Please, make it stop........cell phone loudmouth....


----------



## Bob Dylan (Jun 17, 2011)

Tumbleweed said:


> Please, make it stop........cell phone loudmouth....


Another reminder of how the so called Elite think they are Priviliged! :help: ( Wonder where they get that idea??)


----------



## Devil's Advocate (Jun 17, 2011)

What on earth does her (claimed) education have to do with making a scene and cussing in public? All she's doing is bringing attention to the fact that neither wealth nor education in any way equals class. I hope someone recognizes her and puts her name out for all to see. Gives me an idea for what to do if I ever see this happen on my trains as I'd be happy to release a video of some loudmouth's atrocious behavior and let folks from far and wide mock and ridicule them.


----------



## Anderson (Jun 17, 2011)

Methinks the lady doth protest too much. _Way_ too much.


----------



## bobnabq (Jun 17, 2011)

I must remember to buy ear plugs before my December trip. :giggle:


----------



## Acela150 (Jun 17, 2011)

jimhudson said:


> Tumbleweed said:
> 
> 
> > Please, make it stop........cell phone loudmouth....
> ...


Good call Jim.
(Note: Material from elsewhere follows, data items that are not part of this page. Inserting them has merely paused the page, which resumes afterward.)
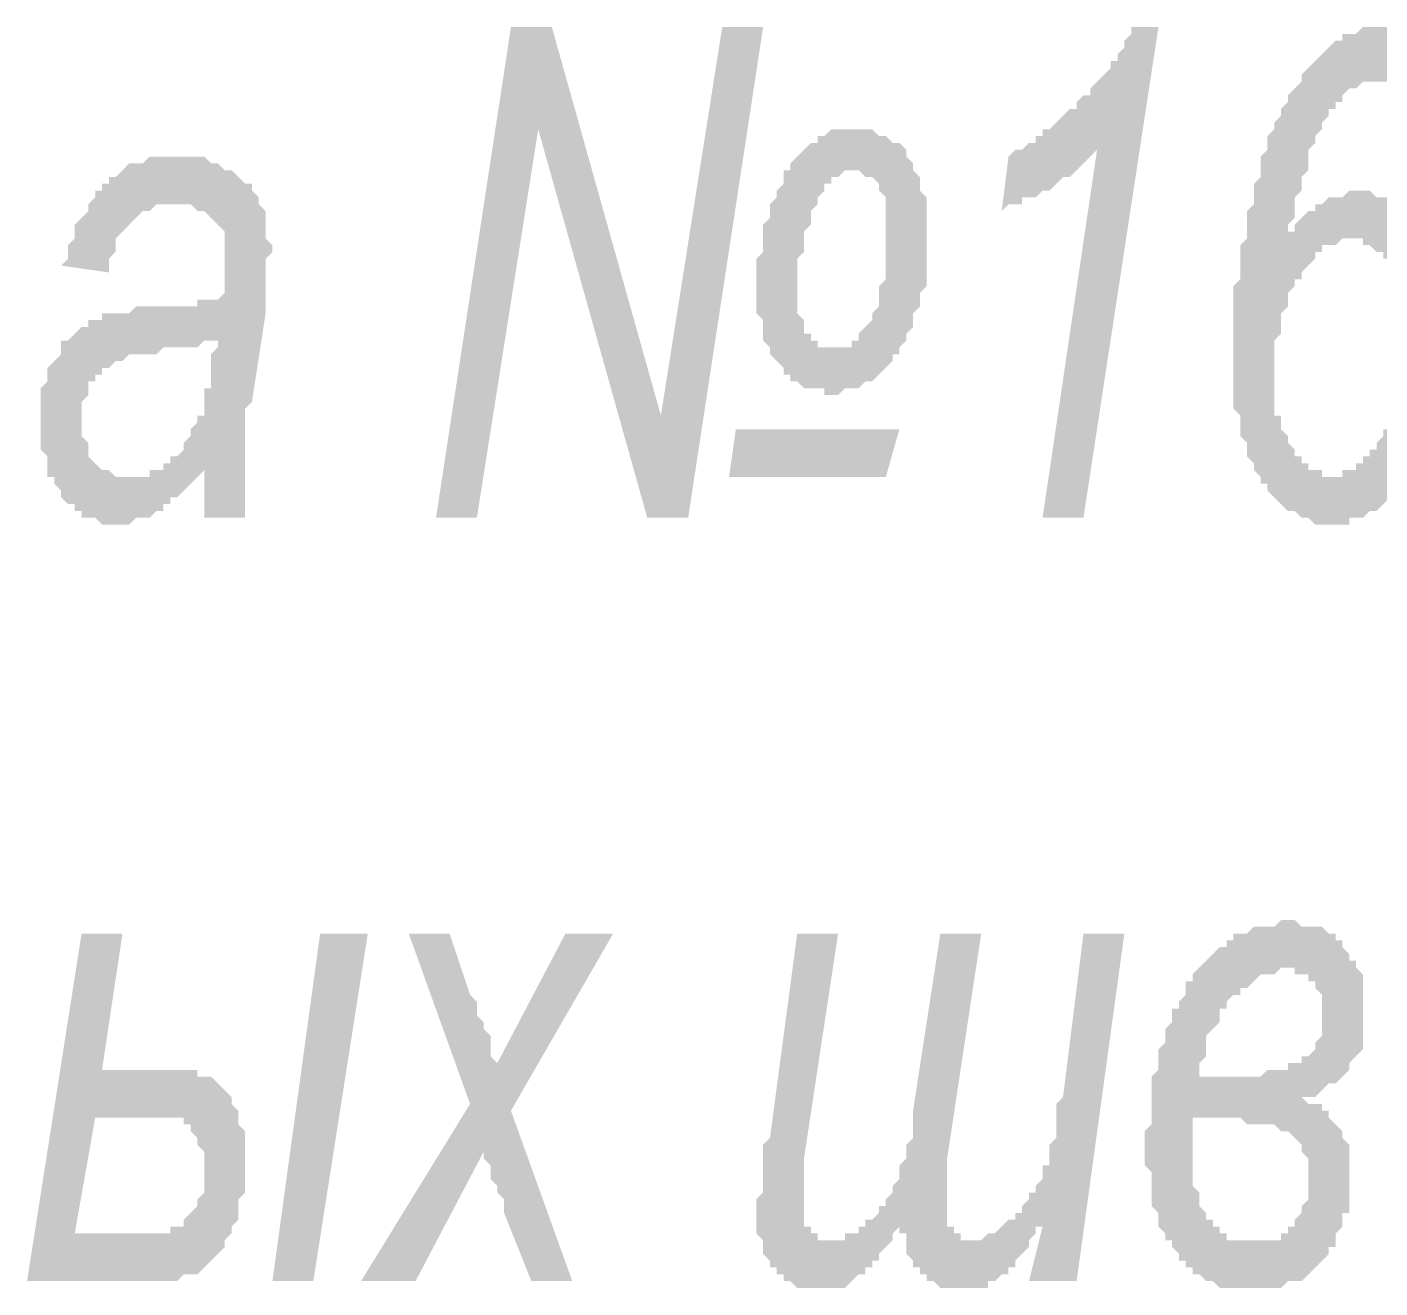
# Model space of a CAD drawing. Header units: millimetres. Extents: x 1372 to 666090, y 1285 to 31551.
# Drawn here: x 513976 to 514804, y 4124 to 4896 of the extents above; entities that cross this region are included whole.
import ezdxf

# ---------------------------------------------------------------- set-up
doc = ezdxf.new("R2010")
doc.units = ezdxf.units.MM
doc.layers.add('PDF _75-АЗ Штамп', color=7, linetype='Continuous')

msp = doc.modelspace()

# ---------------------------------------------------------------- hatches: boundary and pattern name
at = {"layer": 'PDF _75-АЗ Штамп', "transparency": 33554559}
h = msp.add_hatch(color=256, dxfattribs=at)
h.paths.add_polyline_path([(514272.15, 4895.54), (514297.18, 4895.54), (514363.92, 4657.78), (514401.46, 4895.54), (514426.49, 4895.54), (514380.6, 4595.21), (514355.58, 4595.21), (514288.84, 4832.97), (514251.3, 4595.21), (514226.27, 4595.21)], flags=0)
h.paths.add_polyline_path([(514422.32, 4737.03), (514422.32, 4741.21), (514422.32, 4745.38), (514422.32, 4749.55), (514422.32, 4753.72), (514426.49, 4757.89), (514426.49, 4757.89), (514426.49, 4762.06), (514426.49, 4766.23), (514426.49, 4770.4), (514426.49, 4774.58), (514430.66, 4778.75), (514430.66, 4782.92), (514430.66, 4787.09), (514434.83, 4791.26), (514434.83, 4795.43), (514434.83, 4795.43), (514439, 4799.6), (514439, 4803.77), (514439, 4807.94), (514443.17, 4807.94), (514443.17, 4812.12), (514447.34, 4816.29), (514447.34, 4816.29), (514451.51, 4820.46), (514451.51, 4820.46), (514455.69, 4824.63), (514459.86, 4824.63), (514459.86, 4828.8), (514464.03, 4828.8), (514464.03, 4828.8), (514468.2, 4832.97), (514472.37, 4832.97), (514472.37, 4832.97), (514476.54, 4832.97), (514480.71, 4832.97), (514480.71, 4832.97), (514480.71, 4832.97), (514484.88, 4832.97), (514489.05, 4832.97), (514493.23, 4832.97), (514493.23, 4832.97), (514497.4, 4828.8), (514501.57, 4828.8), (514501.57, 4828.8), (514505.74, 4824.63), (514509.91, 4824.63), (514509.91, 4824.63), (514514.08, 4820.46), (514514.08, 4816.29), (514514.08, 4816.29), (514518.25, 4812.12), (514518.25, 4812.12), (514518.25, 4807.94), (514522.42, 4803.77), (514522.42, 4799.6), (514522.42, 4795.43), (514526.6, 4791.26), (514526.6, 4791.26), (514526.6, 4787.09), (514526.6, 4782.92), (514526.6, 4778.75), (514526.6, 4774.58), (514526.6, 4770.4), (514526.6, 4766.23), (514526.6, 4762.06), (514526.6, 4757.89), (514526.6, 4753.72), (514526.6, 4749.55), (514526.6, 4745.38), (514526.6, 4741.21), (514526.6, 4737.03), (514522.42, 4732.86), (514522.42, 4728.69), (514522.42, 4724.52), (514522.42, 4724.52), (514518.25, 4720.35), (514518.25, 4716.18), (514518.25, 4712.01), (514514.08, 4707.84), (514514.08, 4703.67), (514514.08, 4703.67), (514509.91, 4699.49), (514509.91, 4695.32), (514505.74, 4695.32), (514505.74, 4691.15), (514501.57, 4686.98), (514501.57, 4686.98), (514497.4, 4682.81), (514497.4, 4682.81), (514493.23, 4678.64), (514489.05, 4678.64), (514489.05, 4678.64), (514484.88, 4674.47), (514484.88, 4674.47), (514480.71, 4674.47), (514476.54, 4674.47), (514476.54, 4674.47), (514472.37, 4670.3), (514468.2, 4670.3), (514464.03, 4670.3), (514464.03, 4674.47), (514459.86, 4674.47), (514455.69, 4674.47), (514455.69, 4674.47), (514451.51, 4674.47), (514447.34, 4678.64), (514447.34, 4678.64), (514443.17, 4678.64), (514443.17, 4682.81), (514439, 4682.81), (514439, 4686.98), (514434.83, 4691.15), (514434.83, 4691.15), (514430.66, 4695.32), (514430.66, 4699.49), (514430.66, 4699.49), (514426.49, 4703.67), (514426.49, 4707.84), (514426.49, 4712.01), (514426.49, 4716.18), (514422.32, 4720.35), (514422.32, 4724.52), (514422.32, 4728.69), (514422.32, 4732.86), (514422.32, 4737.03)], flags=0)
h.paths.add_polyline_path([(514447.34, 4732.86), (514447.34, 4728.69), (514447.34, 4724.52), (514447.34, 4720.35), (514451.51, 4716.18), (514451.51, 4712.01), (514451.51, 4707.84), (514455.69, 4707.84), (514455.69, 4703.67), (514459.86, 4703.67), (514459.86, 4699.49), (514464.03, 4699.49), (514468.2, 4699.49), (514468.2, 4699.49), (514472.37, 4699.49), (514472.37, 4699.49), (514476.54, 4699.49), (514480.71, 4699.49), (514480.71, 4703.67), (514484.88, 4703.67), (514484.88, 4707.84), (514489.05, 4712.01), (514489.05, 4712.01), (514493.23, 4716.18), (514493.23, 4720.35), (514493.23, 4720.35), (514497.4, 4724.52), (514497.4, 4728.69), (514497.4, 4732.86), (514497.4, 4737.03), (514501.57, 4741.21), (514501.57, 4745.38), (514501.57, 4749.55), (514501.57, 4753.72), (514501.57, 4757.89), (514501.57, 4762.06), (514501.57, 4766.23), (514501.57, 4770.4), (514501.57, 4774.58), (514501.57, 4774.58), (514501.57, 4778.75), (514501.57, 4782.92), (514501.57, 4787.09), (514501.57, 4791.26), (514501.57, 4791.26), (514497.4, 4795.43), (514497.4, 4795.43), (514497.4, 4799.6), (514493.23, 4803.77), (514493.23, 4803.77), (514489.05, 4803.77), (514484.88, 4807.94), (514484.88, 4807.94), (514480.71, 4807.94), (514480.71, 4807.94), (514476.54, 4807.94), (514472.37, 4803.77), (514472.37, 4803.77), (514468.2, 4803.77), (514468.2, 4799.6), (514464.03, 4799.6), (514464.03, 4795.43), (514459.86, 4791.26), (514459.86, 4791.26), (514459.86, 4787.09), (514455.69, 4782.92), (514455.69, 4778.75), (514455.69, 4774.58), (514451.51, 4770.4), (514451.51, 4766.23), (514451.51, 4762.06), (514451.51, 4762.06), (514451.51, 4757.89), (514447.34, 4753.72), (514447.34, 4749.55), (514447.34, 4745.38), (514447.34, 4741.21), (514447.34, 4737.03), (514447.34, 4732.86)], flags=0)
h.paths.add_polyline_path([(514409.8, 4649.44), (514509.91, 4649.44), (514501.57, 4620.24), (514405.63, 4620.24)], flags=0)
for points in [[(514597.51, 4595.21), (514630.87, 4820.46), (514630.87, 4820.46), (514626.7, 4816.29), (514626.7, 4816.29), (514622.53, 4812.12), (514622.53, 4812.12), (514618.36, 4807.94), (514618.36, 4807.94), (514614.19, 4803.77), (514610.02, 4803.77), (514610.02, 4803.77), (514605.85, 4799.6), (514605.85, 4799.6), (514601.68, 4795.43), (514597.51, 4795.43), (514597.51, 4795.43), (514593.33, 4791.26), (514589.16, 4791.26), (514584.99, 4791.26), (514584.99, 4787.09), (514580.82, 4787.09), (514576.65, 4787.09), (514572.48, 4782.92), (514572.48, 4782.92), (514576.65, 4816.29), (514576.65, 4816.29), (514580.82, 4820.46), (514584.99, 4820.46), (514584.99, 4820.46), (514589.16, 4824.63), (514593.33, 4824.63), (514593.33, 4828.8), (514597.51, 4828.8), (514597.51, 4832.97), (514601.68, 4832.97), (514605.85, 4837.14), (514605.85, 4837.14), (514610.02, 4841.31), (514610.02, 4841.31), (514614.19, 4845.49), (514618.36, 4845.49), (514618.36, 4849.66), (514622.53, 4853.83), (514626.7, 4853.83), (514626.7, 4858), (514630.87, 4862.17), (514630.87, 4862.17), (514635.05, 4866.34), (514635.05, 4866.34), (514639.22, 4870.51), (514639.22, 4874.68), (514643.39, 4874.68), (514643.39, 4874.68), (514643.39, 4878.85), (514647.56, 4883.03), (514647.56, 4883.03), (514647.56, 4887.2), (514651.73, 4891.37), (514651.73, 4895.54), (514651.73, 4895.54), (514668.42, 4895.54), (514622.53, 4595.21)], [(514180.39, 4128.04), (514247.13, 4236.49), (514209.59, 4340.77), (514234.61, 4340.77), (514247.13, 4303.23), (514251.3, 4299.06), (514251.3, 4294.89), (514251.3, 4290.72), (514255.47, 4286.55), (514255.47, 4286.55), (514255.47, 4282.38), (514259.64, 4278.21), (514259.64, 4274.03), (514259.64, 4269.86), (514259.64, 4265.69), (514263.81, 4261.52), (514305.52, 4340.77), (514334.72, 4340.77), (514272.15, 4232.32), (514309.69, 4128.04), (514284.67, 4128.04), (514267.98, 4169.75), (514267.98, 4173.93), (514267.98, 4178.1), (514263.81, 4182.27), (514263.81, 4186.44), (514263.81, 4186.44), (514259.64, 4190.61), (514259.64, 4194.78), (514259.64, 4198.95), (514255.47, 4203.12), (514255.47, 4207.3), (514213.76, 4128.04)], [(514447.34, 4340.77), (514472.37, 4340.77), (514451.51, 4203.12), (514451.51, 4198.95), (514451.51, 4194.78), (514451.51, 4190.61), (514451.51, 4186.44), (514451.51, 4182.27), (514451.51, 4178.1), (514451.51, 4178.1), (514451.51, 4173.93), (514451.51, 4169.75), (514451.51, 4165.58), (514451.51, 4161.41), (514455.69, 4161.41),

I couldn't have said it better myself. Notice how it said in the article "A lady was removed from a Amtrak Quiet Car after talking on her cell phone for 16 hours". I set the record straight on that. :lol: NO QC on the CS!

Steve


----------



## amtrakwolverine (Jun 18, 2011)

No way the cell phone battery would last that long.She had to have had it on the charger the whole time. Also 16 hours straight? Jeez her ears must be ringing very loudly which explains why she needed to talk so loud.


----------



## Acela150 (Jun 18, 2011)

amtrakwolverine said:


> No way the cell phone battery would last that long.She had to have had it on the charger the whole time. Also 16 hours straight? Jeez her ears must be ringing very loudly which explains why she needed to talk so loud.


Good point. It does make one wonder.


----------